It starts in J:\Temporary and searches thorugh all the folders and sub folders of a file with the extension jpg

The srtTar is where it will move the found files to

It's just a question of editting if need another extension and make sure the target folder is not include in the loop.
If it's on the same disk you will have to include a line of code testing for that folder to skip it.


----------



## westie1871 (Apr 12, 2011)

Hi Hans,

ive tested this and it almost works if you create a folder under j:\temporary i get and place an jpg image in there i get a script error: line 12 char 1 error: object required `objfile` code 800a01a8


----------



## Keebellah (Mar 27, 2008)

Do you have a folder named J:\Temporary ?

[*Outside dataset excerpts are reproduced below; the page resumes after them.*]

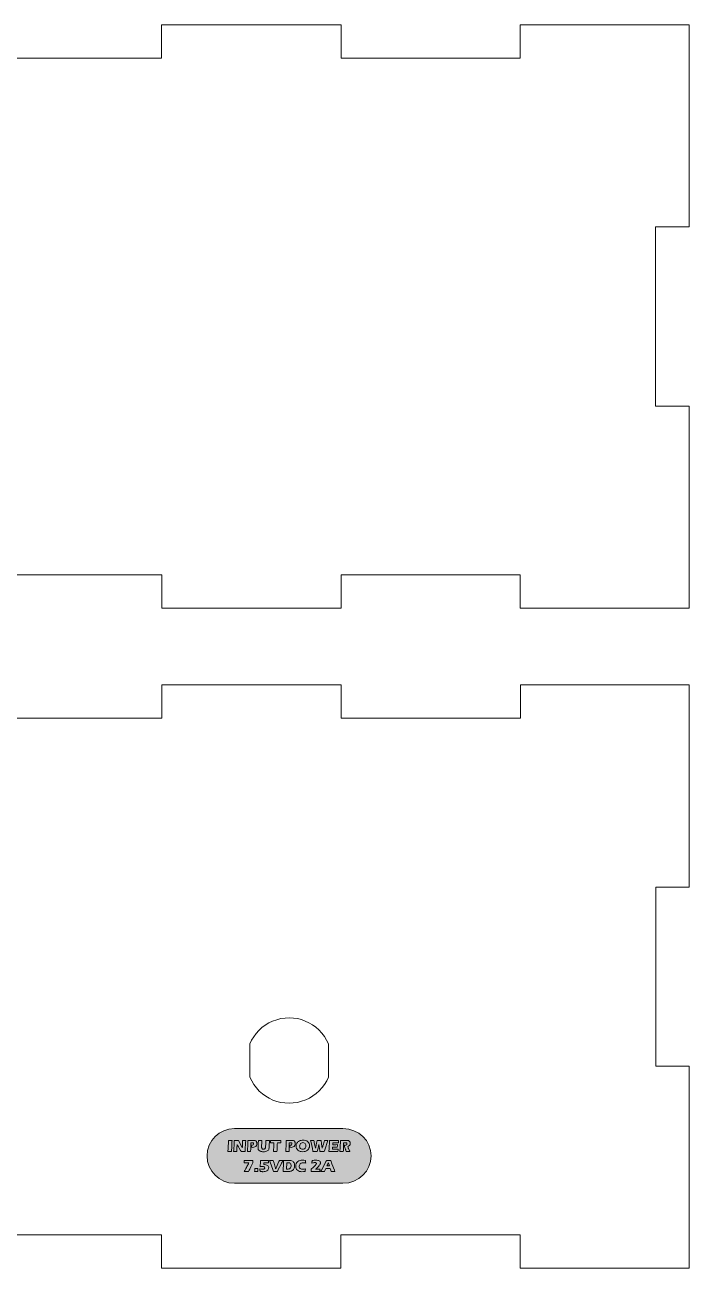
# Model space of a CAD drawing. Header units: inches. Extents: x -9.3 to 29, y -19 to 4.9.
# Drawn here: x 8.42 to 12.4, y -2.86 to 4.61 of the extents above; entities that cross this region are included whole.
import ezdxf

# ---------------------------------------------------------------- set-up
doc = ezdxf.new("R2010")
doc.units = ezdxf.units.IN
doc.header["$MEASUREMENT"] = 0
doc.layers.add('Layer 3', color=7, linetype='Continuous')

# ---------------------------------------------------------------- blocks, each defined once
blk = doc.blocks.new('block 94')
at = {"layer": 'Layer 3', "color": 7, "lineweight": 5, "true_color": 0xffffff}
blk.add_lwpolyline([(8.1663, 0.444), (9.2413, 0.444), (9.2413, 0.644), (10.3163, 0.644), (10.3163, 0.444), (11.3913, 0.444), (11.3913, 0.644), (12.4034, 0.644), (12.4034, -0.5691), (12.2034, -0.5691), (12.2034, -1.6441), (12.4034, -1.6441), (12.4034, -2.856), (11.3903, -2.856), (11.3903, -2.656), (10.3153, -2.656), (10.3153, -2.856), (9.2403, -2.856), (9.2403, -2.656), (8.1653, -2.656)], dxfattribs=at)
blk = doc.blocks.new('block 97')
at = {"layer": 'Layer 3', "color": 7, "lineweight": 5, "true_color": 0xffffff}
blk.add_open_spline([(9.7688, -1.7092), (9.7688, -1.7092), (9.7688, -1.5108), (9.7688, -1.5108), (9.7947, -1.449), (9.8438, -1.3999), (9.9056, -1.374), (10.0359, -1.3192), (10.186, -1.3804), (10.2408, -1.5108), (10.2408, -1.5108), (10.2408, -1.7092), (10.2408, -1.7092), (10.2148, -1.7709), (10.1657, -1.82), (10.104, -1.846), (9.9736, -1.9008), (9.8235, -1.8395), (9.7688, -1.7092)], degree=3, knots=[0, 0, 0, 0, 1, 1, 1, 2, 2, 2, 3, 3, 3, 4, 4, 4, 5, 5, 5, 6, 6, 6, 6], dxfattribs=at)
blk = doc.blocks.new('block 93')
at = {"layer": 'Layer 3'}
for name in ['block 94', 'block 97']:
    blk.add_blockref(name, (0, 0), dxfattribs=at)
blk = doc.blocks.new('block 98')
at = {"layer": 'Layer 3', "lineweight": 0}
for points, knots in [([(9.7542, -2.156), (9.7542, -2.156), (9.7552, -2.1436), (9.7552, -2.1436), (9.7552, -2.1436), (9.7564, -2.1191), (9.7564, -2.1191), (9.7564, -2.1191), (9.757, -2.1018), (9.757, -2.1018), (9.757, -2.1), (9.757, -2.0981), (9.757, -2.0963), (9.757, -2.0949), (9.757, -2.0926), (9.757, -2.0894), (9.7613, -2.0895), (9.7647, -2.0895), (9.7673, -2.0895), (9.7698, -2.0895), (9.7733, -2.0895), (9.7776, -2.0893), (9.782, -2.0892), (9.7857, -2.0891), (9.7887, -2.0891), (9.7931, -2.0891), (9.7963, -2.0894), (9.7984, -2.0899), (9.8005, -2.0905), (9.8024, -2.0914), (9.8041, -2.0925), (9.8058, -2.0937), (9.8072, -2.0951), (9.8083, -2.0967), (9.8094, -2.0983), (9.8102, -2.1001), (9.8108, -2.1022), (9.8113, -2.1042), (9.8116, -2.1063), (9.8116, -2.1084), (9.8116, -2.1128), (9.8106, -2.1167), (9.8084, -2.1204), (9.8063, -2.124), (9.8034, -2.1267), (9.7995, -2.1285), (9.7957, -2.1303), (9.7914, -2.1311), (9.7866, -2.1311), (9.7848, -2.1311), (9.7828, -2.1309), (9.7805, -2.1306), (9.7802, -2.1291), (9.7797, -2.1268), (9.779, -2.1239), (9.7783, -2.1209), (9.7777, -2.1187), (9.7772, -2.1173), (9.7787, -2.1176), (9.7802, -2.1177), (9.7817, -2.1177), (9.785, -2.1177), (9.7875, -2.1169), (9.7891, -2.1154), (9.7907, -2.1138), (9.7915, -2.1118), (9.7915, -2.1096), (9.7915, -2.1085), (9.7913, -2.1075), (9.791, -2.1066), (9.7906, -2.1057), (9.79, -2.105), (9.7893, -2.1045), (9.7885, -2.1039), (9.7876, -2.1036), (9.7867, -2.1034), (9.7857, -2.1032), (9.7846, -2.1032), (9.7834, -2.1032), (9.7823, -2.1032), (9.7811, -2.1032), (9.7798, -2.1033), (9.7798, -2.1033), (9.7757, -2.1036), (9.7757, -2.1036), (9.7753, -2.1098), (9.7749, -2.1168), (9.7747, -2.1245), (9.7743, -2.1385), (9.7741, -2.1469), (9.7741, -2.1497), (9.7741, -2.1497), (9.7741, -2.156), (9.7741, -2.156), (9.7741, -2.156), (9.7644, -2.156), (9.7644, -2.156), (9.763, -2.156), (9.7596, -2.156), (9.7542, -2.156)], [0, 0, 0, 0, 1, 1, 1, 2, 2, 2, 3, 3, 3, 4, 4, 4, 5, 5, 5, 6, 6, 6, 7, 7, 7, 8, 8, 8, 9, 9, 9, 10, 10, 10, 11, 11, 11, 12, 12, 12, 13, 13, 13, 14, 14, 14, 15, 15, 15, 16, 16, 16, 17, 17, 17, 18, 18, 18, 19, 19, 19, 20, 20, 20, 21, 21, 21, 22, 22, 22, 23, 23, 23, 24, 24, 24, 25, 25, 25, 26, 26, 26, 27, 27, 27, 28, 28, 28, 29, 29, 29, 30, 30, 30, 31, 31, 31, 32, 32, 32, 33, 33, 33, 33]), ([(9.9842, -2.156), (9.9842, -2.156), (9.9852, -2.1436), (9.9852, -2.1436), (9.9852, -2.1436), (9.9865, -2.1191), (9.9865, -2.1191), (9.9865, -2.1191), (9.987, -2.1018), (9.987, -2.1018), (9.987, -2.1), (9.987, -2.0981), (9.987, -2.0963), (9.987, -2.0949), (9.987, -2.0926), (9.987, -2.0894), (9.9913, -2.0895), (9.9947, -2.0895), (9.9973, -2.0895), (9.9999, -2.0895), (10.0033, -2.0895), (10.0077, -2.0893), (10.012, -2.0892), (10.0157, -2.0891), (10.0187, -2.0891), (10.0231, -2.0891), (10.0263, -2.0894), (10.0284, -2.0899), (10.0305, -2.0905), (10.0324, -2.0914), (10.0341, -2.0925), (10.0358, -2.0937), (10.0372, -2.0951), (10.0383, -2.0967), (10.0394, -2.0983), (10.0403, -2.1001), (10.0408, -2.1022), (10.0414, -2.1042), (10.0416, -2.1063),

I mean you have to edit it to *your* requirements, this is just the sample working on my structure.


----------



## westie1871 (Apr 12, 2011)

Hi Mate yeh i changed it to mine, i just used that so you would understand the error


----------



## Keebellah (Mar 27, 2008)

Dit you put a backslash at the end of the foleder name?
That is not allowed (as you could have noticed from my posting)
If it still doesn't work could you post your editted version?


----------



## westie1871 (Apr 12, 2011)

Dim objFSO, objFolder, colFiles, objSubFolder, objSubFile
strFolder = "k:\images"
strTar = "c:\scan\"
Set objFSO = CreateObject("Scripting.FileSystemObject")
Set objFolder = objFSO.GetFolder(strFolder)
Set colFiles = objFolder.Files
For Each File in colFiles
set objFile = objFSO.GetFile(strFolder & "\" & File.Name)
Next
If lcase(Right(objFile.Name,3)) = "jpg" Then
objFSO.CopyFile objFile,(strTar)
objFSO.DeleteFile objFile, true
End If
ScanSubFolders(objFolder)
Sub ScanSubFolders(objFolder)
Set colFolders = objFolder.SubFolders
For Each objSubFolder In colFolders
Set colFiles = objSubFolder.Files
For Each objFile in Colfiles
If lcase(Right(objFile.Name,3)) = "jpg" Then
objFSO.CopyFile objFile,(strTar)
objFSO.DeleteFile objFile, true
End If
Next
ScanSubFolders(objSubFolder)
Next
End Sub
strComputer="."
set objWMIService = GetObject("winmgmts:\\" & strComputer)
Set colOperatingSystems = objWMIService.ExecQuery _
("Select * from Win32_OperatingSystem")
For Each objOS in colOperatingSystems
dtmLastBootUpTime = ConvWMIDateTime(objOS.LocalDateTime, "ISO8601")
WScript.Echo "Completed at " & dtmLastBootUpTime
Next
Function ConvWMIDateTime(sDMTFformat, iNamedFormat)
Dim sYear, sMonth, sDay, sHour, sMinutes, sSeconds
sYear = mid(sDMTFformat, 1, 4)
sMonth = mid(sDMTFformat, 5, 2)
sDay = mid(sDMTFformat, 7, 2)
sHour = mid(sDMTFformat, 9, 2)
sMinutes = mid(sDMTFformat, 11, 2)
sSeconds = mid(sDMTFformat, 13, 2)
ConvWMIDateTime = sHour & ":" & sMinutes & ":" & sSeconds & " " _
& sMonth & "-" & sDay & "-" & sYear
If IsNumeric(iNamedFormat) Then
If iNamedFormat >= 0 And iNamedFormat <= 4 Then
' FormatDateTime will set date format to specified format
ConvWMIDateTime = FormatDateTime(ConvWMIDateTime, iNamedFormat)
End If
End If
End Function


----------



## Keebellah (Mar 27, 2008)

The code works fine here, althoug I had to change the drivelteers.
Could it be that you do not have enough rigths to delete the file?
Line 12 is *objFSO.DeleteFile objFile, true*

If you do not have the rigths it thows the error, there is no error trapping here.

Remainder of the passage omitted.